### WHAT IS NEEDED
For every line in the records below that holds "Locations", make a copy.

### DATA IN THIS EXERCISE
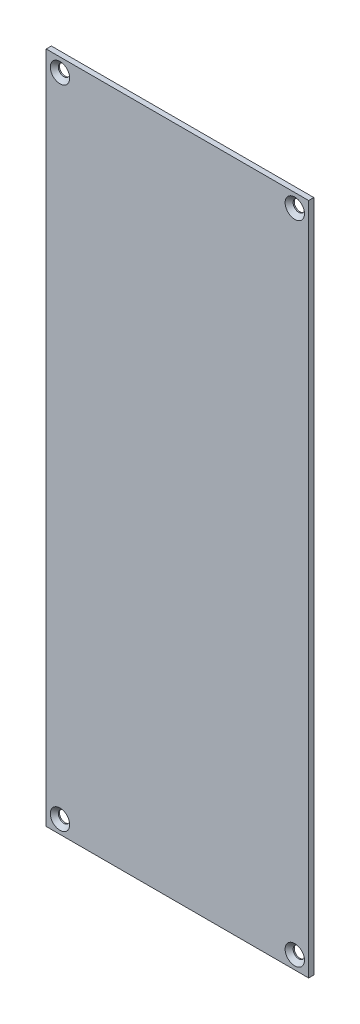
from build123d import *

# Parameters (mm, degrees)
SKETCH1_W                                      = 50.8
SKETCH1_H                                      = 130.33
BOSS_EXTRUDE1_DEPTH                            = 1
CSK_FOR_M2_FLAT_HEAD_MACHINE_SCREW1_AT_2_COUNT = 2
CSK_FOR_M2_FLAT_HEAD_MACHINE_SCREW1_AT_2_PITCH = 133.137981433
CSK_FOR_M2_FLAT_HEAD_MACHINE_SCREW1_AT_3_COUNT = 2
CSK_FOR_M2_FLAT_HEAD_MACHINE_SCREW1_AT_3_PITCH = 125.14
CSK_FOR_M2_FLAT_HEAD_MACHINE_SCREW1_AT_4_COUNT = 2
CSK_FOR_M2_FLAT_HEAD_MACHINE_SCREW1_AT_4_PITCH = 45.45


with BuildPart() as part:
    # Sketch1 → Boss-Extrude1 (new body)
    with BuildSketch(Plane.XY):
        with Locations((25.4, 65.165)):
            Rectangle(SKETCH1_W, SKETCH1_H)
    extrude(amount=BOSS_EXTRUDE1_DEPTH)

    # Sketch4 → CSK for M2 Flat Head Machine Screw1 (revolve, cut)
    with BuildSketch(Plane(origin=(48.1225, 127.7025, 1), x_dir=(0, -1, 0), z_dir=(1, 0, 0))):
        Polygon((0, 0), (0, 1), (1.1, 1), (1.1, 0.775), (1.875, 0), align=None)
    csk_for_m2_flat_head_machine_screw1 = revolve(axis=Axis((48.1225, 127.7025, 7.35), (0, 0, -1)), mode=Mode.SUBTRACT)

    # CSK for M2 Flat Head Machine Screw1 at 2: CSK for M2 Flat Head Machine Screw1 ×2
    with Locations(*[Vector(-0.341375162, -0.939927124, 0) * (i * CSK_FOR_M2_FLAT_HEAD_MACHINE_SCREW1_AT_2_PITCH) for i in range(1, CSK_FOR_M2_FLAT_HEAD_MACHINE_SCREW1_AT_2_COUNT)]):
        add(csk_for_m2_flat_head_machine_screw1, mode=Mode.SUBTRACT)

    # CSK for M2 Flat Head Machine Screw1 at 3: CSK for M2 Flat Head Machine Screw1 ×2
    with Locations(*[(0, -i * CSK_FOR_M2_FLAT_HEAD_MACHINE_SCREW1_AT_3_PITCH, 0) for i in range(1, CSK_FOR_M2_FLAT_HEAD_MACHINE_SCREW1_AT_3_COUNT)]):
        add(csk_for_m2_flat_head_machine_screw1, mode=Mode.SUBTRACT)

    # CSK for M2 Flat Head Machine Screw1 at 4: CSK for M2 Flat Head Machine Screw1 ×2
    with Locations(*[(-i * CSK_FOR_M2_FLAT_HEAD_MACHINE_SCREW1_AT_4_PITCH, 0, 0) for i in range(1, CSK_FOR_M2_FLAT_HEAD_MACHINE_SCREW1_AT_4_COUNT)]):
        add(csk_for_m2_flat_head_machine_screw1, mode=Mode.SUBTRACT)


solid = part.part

### EXERCISE RESULT
        with Locations((25.4, 65.165)):
    with Locations(*[Vector(-0.341375162, -0.939927124, 0) * (i * CSK_FOR_M2_FLAT_HEAD_MACHINE_SCREW1_AT_2_PITCH) for i in range(1, CSK_FOR_M2_FLAT_HEAD_MACHINE_SCREW1_AT_2_COUNT)]):
    with Locations(*[(0, -i * CSK_FOR_M2_FLAT_HEAD_MACHINE_SCREW1_AT_3_PITCH, 0) for i in range(1, CSK_FOR_M2_FLAT_HEAD_MACHINE_SCREW1_AT_3_COUNT)]):
    with Locations(*[(-i * CSK_FOR_M2_FLAT_HEAD_MACHINE_SCREW1_AT_4_PITCH, 0, 0) for i in range(1, CSK_FOR_M2_FLAT_HEAD_MACHINE_SCREW1_AT_4_COUNT)]):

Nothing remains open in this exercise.